[Stored data]
+++++
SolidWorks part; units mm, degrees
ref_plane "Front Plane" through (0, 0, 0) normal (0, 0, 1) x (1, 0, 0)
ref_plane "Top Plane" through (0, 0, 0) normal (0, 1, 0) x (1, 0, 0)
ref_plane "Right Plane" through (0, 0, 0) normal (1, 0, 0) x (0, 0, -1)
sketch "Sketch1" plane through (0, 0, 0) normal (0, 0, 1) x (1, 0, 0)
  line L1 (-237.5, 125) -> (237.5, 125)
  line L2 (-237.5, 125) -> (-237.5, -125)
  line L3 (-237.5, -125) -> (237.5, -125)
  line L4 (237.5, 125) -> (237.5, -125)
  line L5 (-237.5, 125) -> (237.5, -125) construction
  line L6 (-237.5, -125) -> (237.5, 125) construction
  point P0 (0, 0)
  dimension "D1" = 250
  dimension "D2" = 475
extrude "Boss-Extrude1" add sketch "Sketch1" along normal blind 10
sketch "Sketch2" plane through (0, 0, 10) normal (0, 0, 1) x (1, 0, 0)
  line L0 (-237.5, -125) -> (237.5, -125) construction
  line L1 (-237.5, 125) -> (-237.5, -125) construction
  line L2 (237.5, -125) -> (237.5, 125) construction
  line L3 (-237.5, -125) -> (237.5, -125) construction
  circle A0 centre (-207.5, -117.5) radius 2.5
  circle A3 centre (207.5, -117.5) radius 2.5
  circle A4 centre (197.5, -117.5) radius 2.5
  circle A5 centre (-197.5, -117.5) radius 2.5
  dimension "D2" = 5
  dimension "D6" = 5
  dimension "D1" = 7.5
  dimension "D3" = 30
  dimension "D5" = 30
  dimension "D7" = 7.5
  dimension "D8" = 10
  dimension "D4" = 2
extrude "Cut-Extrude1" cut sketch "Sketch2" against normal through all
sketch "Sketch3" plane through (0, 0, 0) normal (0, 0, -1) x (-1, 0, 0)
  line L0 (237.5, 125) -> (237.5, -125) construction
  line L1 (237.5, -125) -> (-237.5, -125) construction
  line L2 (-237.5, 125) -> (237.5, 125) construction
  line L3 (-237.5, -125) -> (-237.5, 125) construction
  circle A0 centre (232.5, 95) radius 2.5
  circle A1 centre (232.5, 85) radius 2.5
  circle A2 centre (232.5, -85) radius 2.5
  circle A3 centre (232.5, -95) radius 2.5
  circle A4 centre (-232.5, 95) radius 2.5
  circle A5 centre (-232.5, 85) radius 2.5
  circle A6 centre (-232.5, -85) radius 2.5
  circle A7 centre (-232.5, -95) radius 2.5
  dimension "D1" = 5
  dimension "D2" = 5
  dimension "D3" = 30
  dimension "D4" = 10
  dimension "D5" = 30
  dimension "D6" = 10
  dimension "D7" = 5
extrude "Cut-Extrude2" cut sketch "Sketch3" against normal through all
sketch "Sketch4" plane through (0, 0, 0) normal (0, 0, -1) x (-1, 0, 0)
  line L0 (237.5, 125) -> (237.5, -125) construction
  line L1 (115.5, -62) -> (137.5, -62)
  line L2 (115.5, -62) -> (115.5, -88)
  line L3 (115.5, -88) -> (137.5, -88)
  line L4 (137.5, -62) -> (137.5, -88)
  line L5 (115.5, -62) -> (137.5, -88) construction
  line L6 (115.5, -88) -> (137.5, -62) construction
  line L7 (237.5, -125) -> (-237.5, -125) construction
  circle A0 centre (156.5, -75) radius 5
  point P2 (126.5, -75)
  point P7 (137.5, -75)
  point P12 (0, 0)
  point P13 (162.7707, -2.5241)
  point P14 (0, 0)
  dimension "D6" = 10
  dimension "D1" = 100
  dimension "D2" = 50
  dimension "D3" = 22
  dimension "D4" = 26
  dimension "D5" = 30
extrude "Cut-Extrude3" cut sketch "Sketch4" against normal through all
+++++
**Exercise directions**
Restate the whole set of entries exactly.

**Result of the task**
SolidWorks part; units mm, degrees
ref_plane "Front Plane" through (0, 0, 0) normal (0, 0, 1) x (1, 0, 0)
ref_plane "Top Plane" through (0, 0, 0) normal (0, 1, 0) x (1, 0, 0)
ref_plane "Right Plane" through (0, 0, 0) normal (1, 0, 0) x (0, 0, -1)
sketch "Sketch1" plane through (0, 0, 0) normal (0, 0, 1) x (1, 0, 0)
  line L1 (-237.5, 125) -> (237.5, 125)
  line L2 (-237.5, 125) -> (-237.5, -125)
  line L3 (-237.5, -125) -> (237.5, -125)
  line L4 (237.5, 125) -> (237.5, -125)
  line L5 (-237.5, 125) -> (237.5, -125) construction
  line L6 (-237.5, -125) -> (237.5, 125) construction
  point P0 (0, 0)
  dimension "D1" = 250
  dimension "D2" = 475
extrude "Boss-Extrude1" add sketch "Sketch1" along normal blind 10
sketch "Sketch2" plane through (0, 0, 10) normal (0, 0, 1) x (1, 0, 0)
  line L0 (-237.5, -125) -> (237.5, -125) construction
  line L1 (-237.5, 125) -> (-237.5, -125) construction
  line L2 (237.5, -125) -> (237.5, 125) construction
  line L3 (-237.5, -125) -> (237.5, -125) construction
  circle A0 centre (-207.5, -117.5) radius 2.5
  circle A3 centre (207.5, -117.5) radius 2.5
  circle A4 centre (197.5, -117.5) radius 2.5
  circle A5 centre (-197.5, -117.5) radius 2.5
  dimension "D2" = 5
  dimension "D6" = 5
  dimension "D1" = 7.5
  dimension "D3" = 30
  dimension "D5" = 30
  dimension "D7" = 7.5
  dimension "D8" = 10
  dimension "D4" = 2
extrude "Cut-Extrude1" cut sketch "Sketch2" against normal through all
sketch "Sketch3" plane through (0, 0, 0) normal (0, 0, -1) x (-1, 0, 0)
  line L0 (237.5, 125) -> (237.5, -125) construction
  line L1 (237.5, -125) -> (-237.5, -125) construction
  line L2 (-237.5, 125) -> (237.5, 125) construction
  line L3 (-237.5, -125) -> (-237.5, 125) construction
  circle A0 centre (232.5, 95) radius 2.5
  circle A1 centre (232.5, 85) radius 2.5
  circle A2 centre (232.5, -85) radius 2.5
  circle A3 centre (232.5, -95) radius 2.5
  circle A4 centre (-232.5, 95) radius 2.5
  circle A5 centre (-232.5, 85) radius 2.5
  circle A6 centre (-232.5, -85) radius 2.5
  circle A7 centre (-232.5, -95) radius 2.5
  dimension "D1" = 5
  dimension "D2" = 5
  dimension "D3" = 30
  dimension "D4" = 10
  dimension "D5" = 30
  dimension "D6" = 10
  dimension "D7" = 5
extrude "Cut-Extrude2" cut sketch "Sketch3" against normal through all
sketch "Sketch4" plane through (0, 0, 0) normal (0, 0, -1) x (-1, 0, 0)
  line L0 (237.5, 125) -> (237.5, -125) construction
  line L1 (115.5, -62) -> (137.5, -62)
  line L2 (115.5, -62) -> (115.5, -88)
  line L3 (115.5, -88) -> (137.5, -88)
  line L4 (137.5, -62) -> (137.5, -88)
  line L5 (115.5, -62) -> (137.5, -88) construction
  line L6 (115.5, -88) -> (137.5, -62) construction
  line L7 (237.5, -125) -> (-237.5, -125) construction
  circle A0 centre (156.5, -75) radius 5
  point P2 (126.5, -75)
  point P7 (137.5, -75)
  point P12 (0, 0)
  point P13 (162.7707, -2.5241)
  point P14 (0, 0)
  dimension "D6" = 10
  dimension "D1" = 100
  dimension "D2" = 50
  dimension "D3" = 22
  dimension "D4" = 26
  dimension "D5" = 30
extrude "Cut-Extrude3" cut sketch "Sketch4" against normal through all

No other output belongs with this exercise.